Sloth (Latin, acedia)- noun- habitual disinclination to exertion; indolence; laziness.
Not many people would believe that before Dunder Mifflin, Jim Halpert wasn't really one for pranks. He enjoyed a laugh every now and then, yeah, and he'd taken part in his fair share of stupid shit in college, but you could blame most of that on the booze. As a general rule, though, Jim enjoyed cracking jokes more than he did the extensive planning that goes into a good prank. He had appreciation for the greats, but he was more of a watcher than a doer.

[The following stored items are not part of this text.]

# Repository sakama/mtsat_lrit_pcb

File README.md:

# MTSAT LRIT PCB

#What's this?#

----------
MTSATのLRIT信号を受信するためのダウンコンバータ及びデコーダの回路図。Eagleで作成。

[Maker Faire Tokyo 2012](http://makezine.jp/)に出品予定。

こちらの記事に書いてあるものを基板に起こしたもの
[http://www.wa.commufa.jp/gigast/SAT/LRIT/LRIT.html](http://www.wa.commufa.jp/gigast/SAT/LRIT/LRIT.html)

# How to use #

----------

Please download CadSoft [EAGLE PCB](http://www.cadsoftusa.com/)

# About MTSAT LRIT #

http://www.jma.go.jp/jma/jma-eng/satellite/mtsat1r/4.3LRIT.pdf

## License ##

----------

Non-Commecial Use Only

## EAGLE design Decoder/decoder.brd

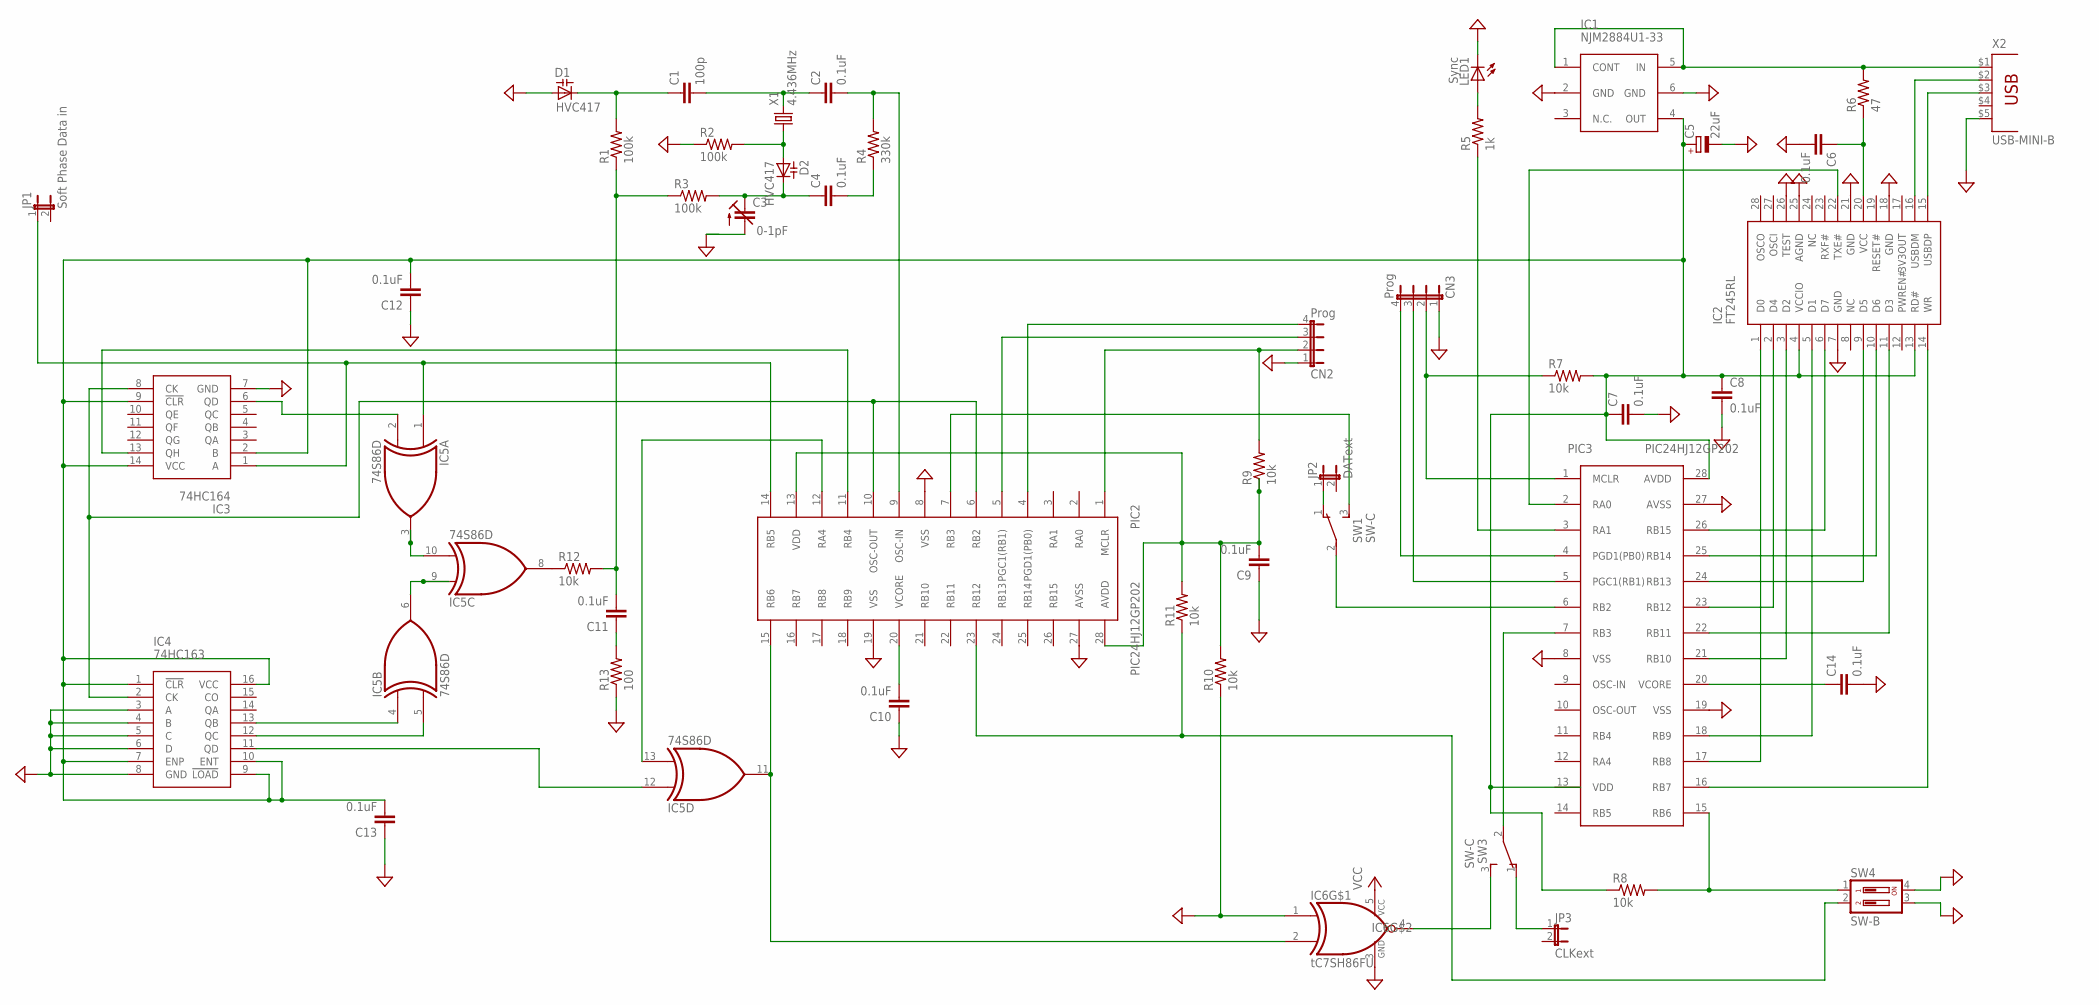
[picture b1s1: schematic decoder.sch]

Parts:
C1: 100p; C025-025X050
C2, C4, C6, C7, C8, C9, C10, C11, C12, C13, C14: 0.1uF; C050-025X075
C3: 0-1pF; CTRIMTZ03
C5: 22uF; E3,5-8
CN2, CN3: Prog; JP4
D1, D2: HVC417; SOT54H
IC1: NJM2884U1-33
IC2: FT245RL
IC3: 74HC164
IC4: 74HC163
IC5: 74S86D; SO14
IC6: tC7SH86FU; TC7SH86FU
JP1: Soft Phase Data in; JP1
JP2: DAText; JP1
JP3: CLKext; JP1
LED1: Sync; LED5MM
PIC2, PIC3: PIC24HJ12GP202
R1, R2, R3: 100k; 0207/7
R4: 330k; 0207/7
R5: 1k; 0207/7
R6: 47; 0207/7
R7, R8, R9, R10, R11, R12: 10k; 0207/7
R13: 100; 0207/7
SW1, SW3: SW-C; TL3XPO
SW4: SW-B; DIP02YL
X1: 4.436MHz; HC49/S
X2: USB-MINI-B

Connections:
GND: C3.2 (A), C5.-, C6.2, C7.2, C8.2, C9.1, C10.1, C12.1, C13.1, C14.2, CN2.1, CN3.1, D1.A, IC1.2 (GND), IC1.6 (GND), IC2.7 (GND), IC2.18 (GND), IC2.21 (GND), IC2.25 (AGND), IC2.26 (TEST), IC3.7 (GND), IC4.3 (A), IC4.4 (B), IC4.5 (C), IC4.6 (D), IC4.8 (GND), IC5.7 (GND), IC6.1 (I0), IC6.3 (GND), LED1.K (C), PIC2.8 (VSS), PIC2.19 (VSS), PIC2.27 (AVSS), PIC3.8 (VSS), PIC3.19 (VSS), PIC3.27 (AVSS), R2.1, R10.1, R13.1, SW4.3, SW4.4, X2.$5 (5)
unnamed: IC1.1 (CONT), IC1.5 (IN), R6.2, X2.$1 (1)
unnamed: C4.2, R4.1
unnamed: C1.2, C2.1, X1.2
unnamed: C2.2, PIC2.9 (OSC-IN), R4.2
unnamed: CN2.2, PIC2.1 (MCLR), R9.2
unnamed: C3.1 (E), C4.1, D2.C, R3.2
unnamed: C1.1, D1.C, R1.2
unnamed: IC5.8 (O), R12.1
unnamed: C10.2, PIC2.20 (VCORE)
unnamed: PIC2.23 (RB12), R11.1, SW4.2
unnamed: PIC3.15 (RB6), R8.2, SW4.1
unnamed: C11.1, R13.2
unnamed: PIC2.7 (RB3), SW1.3 (S)
unnamed: PIC3.6 (RB2), SW1.2
unnamed: IC5.11 (O), IC6.2 (I1), PIC2.15 (RB6)
unnamed: PIC3.3 (RA1), R5.1
unnamed: PIC3.7 (RB3), SW3.2
unnamed: C9.2, PIC2.13 (VDD), PIC2.28 (AVDD), R9.1, R10.2, R11.2
unnamed: IC2.22 (TXE#), PIC3.2 (RA0)
unnamed: C11.2, R1.1, R3.1, R12.2
unnamed: IC5.6 (O), IC5.9 (I0)
unnamed: IC5.3 (O), IC5.10 (I1)
unnamed: IC3.1 (A), IC5.1 (I0), JP1.1, PIC2.14 (RB5)
unnamed: IC5.13 (I1), PIC2.12 (RA4)
unnamed: IC2.14 (WR), PIC3.16 (RB7)
unnamed: D2.A, R2.2, X1.1
unnamed: IC2.10 (D6), PIC3.25 (RB14)
unnamed: IC2.15 (USBDP), X2.$3 (3)
unnamed: IC2.16 (USBDM), X2.$2 (2)
unnamed: IC2.11 (D3), PIC3.22 (RB11)
unnamed: IC2.9 (D5), PIC3.24 (RB13)
unnamed: IC2.1 (D0), PIC3.17 (RB8)
unnamed: IC2.2 (D4), PIC3.23 (RB12)
unnamed: IC2.3 (D2), PIC3.21 (RB10)
unnamed: IC2.5 (D1), PIC3.18 (RB9)
unnamed: IC2.6 (D7), PIC3.26 (RB15)
unnamed: IC3.6 (QD), IC5.2 (I1)
unnamed: IC3.13 (QH), PIC2.11 (RB4)
unnamed: IC4.13 (QB), IC5.4 (I0)
unnamed: IC4.12 (QC), IC5.5 (I1)
unnamed: IC4.11 (QD), IC5.12 (I0)
unnamed: JP3.1, SW3.1 (O)
unnamed: C5.+, C7.1, C8.1, C12.2, C13.2, IC1.4 (OUT), IC2.4 (VCCIO), IC2.13 (RD#), IC3.2 (B), IC3.9 (!CLR), IC3.14 (VCC), IC4.1 (!CLR), IC4.7 (ENP), IC4.9 (!LOAD), IC4.10 (ENT), IC4.16 (VCC), PIC3.28 (AVDD), R7.2, R8.1
unnamed: IC3.8 (CK), IC4.2 (CK), PIC2.6 (RB2), PIC2.10 (OSC-OUT)
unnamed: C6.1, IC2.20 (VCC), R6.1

That was before Dunder Mifflin.
Jim liked to think of his pranks as less of a waste of company time and more of a way to stay sane when you have Dwight K. Schrute for a deskmate. It was a way a combat the deathly boredom that was his job as a salesman at a failing mid-range paper company in a geographically insignificant town. It was his coping mechanism. Sometimes people chalked that up to some character trait, defiance or laziness or whatever, and Jim totally agreed. And everyone knows that Jim Halpert only does that under three conditions- because it irritates Dwight, because Pam said it, or because there's something more he's not ready to admit. When Jim really thinks about the motivation behind his laziness at work, it all comes down to one thing.
Her laugh.
He thinks it's surprising (and a lack of basic self-preservation) that he'd risk his job stability for something like that, but there it is. Every prank he's ever come up with has been designed with the ultimate goal in mind to make Pam Beesley laugh. He knows how much she loves the feel that she's rebelling against something (he wishes it could be her fiancé, and maybe this is a dream deferred) and so he includes her in the planning whenever possible. They dream and scheme and he knows he's just buying time, but he'll pay whatever is necessary to get it, and then they execute this master work they've made together. And she laughs the way he loves, the laugh he's never heard from her around Roy, the one where she throws her head back and her whole face just shines and she's so damn beautiful he can hardly even stand it. It's like the best and worst thing to ever happen to him, because he loves her and he wants her to be happy and at the same time he loves her and he wants her to love him too, and when she laughs he's convinced she does. It plants that renegade seed of hope in him that drives him to a confession in some dark parking lot (and it reminds him of the confessions he used to make as a kid at church, but she's no priest and he's not sorry) and she's not laughing and neither is he.
He moves to Stanford and his first (and only) prank falls flat, because who knew Andy had such anger management issues? And in his heart he knows it's no good because she's not there- there's no motivation for him other than precedence- and so he decides that if this is really going to be his job, he better get serious about it. And he's still a salesman at a failing mid-range paper company, but the town is a little closer to being geographically significant and he needs to convince himself he's got something going for him. And then there's Karen, who's smart and beautiful and ambitious, and he thinks that maybe if he borrows that ambition for a little bit he can pull himself together and be someone other than Jim Halpert, Master of Pranks and Jello Encasing.
Then all of a sudden he's back at Scranton, and Pam greets him at the door and she's a million times more beautiful than he's been trying not to remember but has been dreaming about anyway. She's looking at him like she's expecting something and he knows that if he hears her laugh, this entire attempt at recovery will be lost to the sound of it, so he makes no jokes all day besides the quiet ones to Karen (who laughs, but it's not the same and he thinks it might be a formality) and he's secretly grateful that Ryan won't give him his desk back because then at least he won't be able to see her disappointment.
But after a few days that feel more like years, they pull their first prank together since his return. He hears Pam Beesley laugh, and Jim Halpert knows he is hopelessly undone.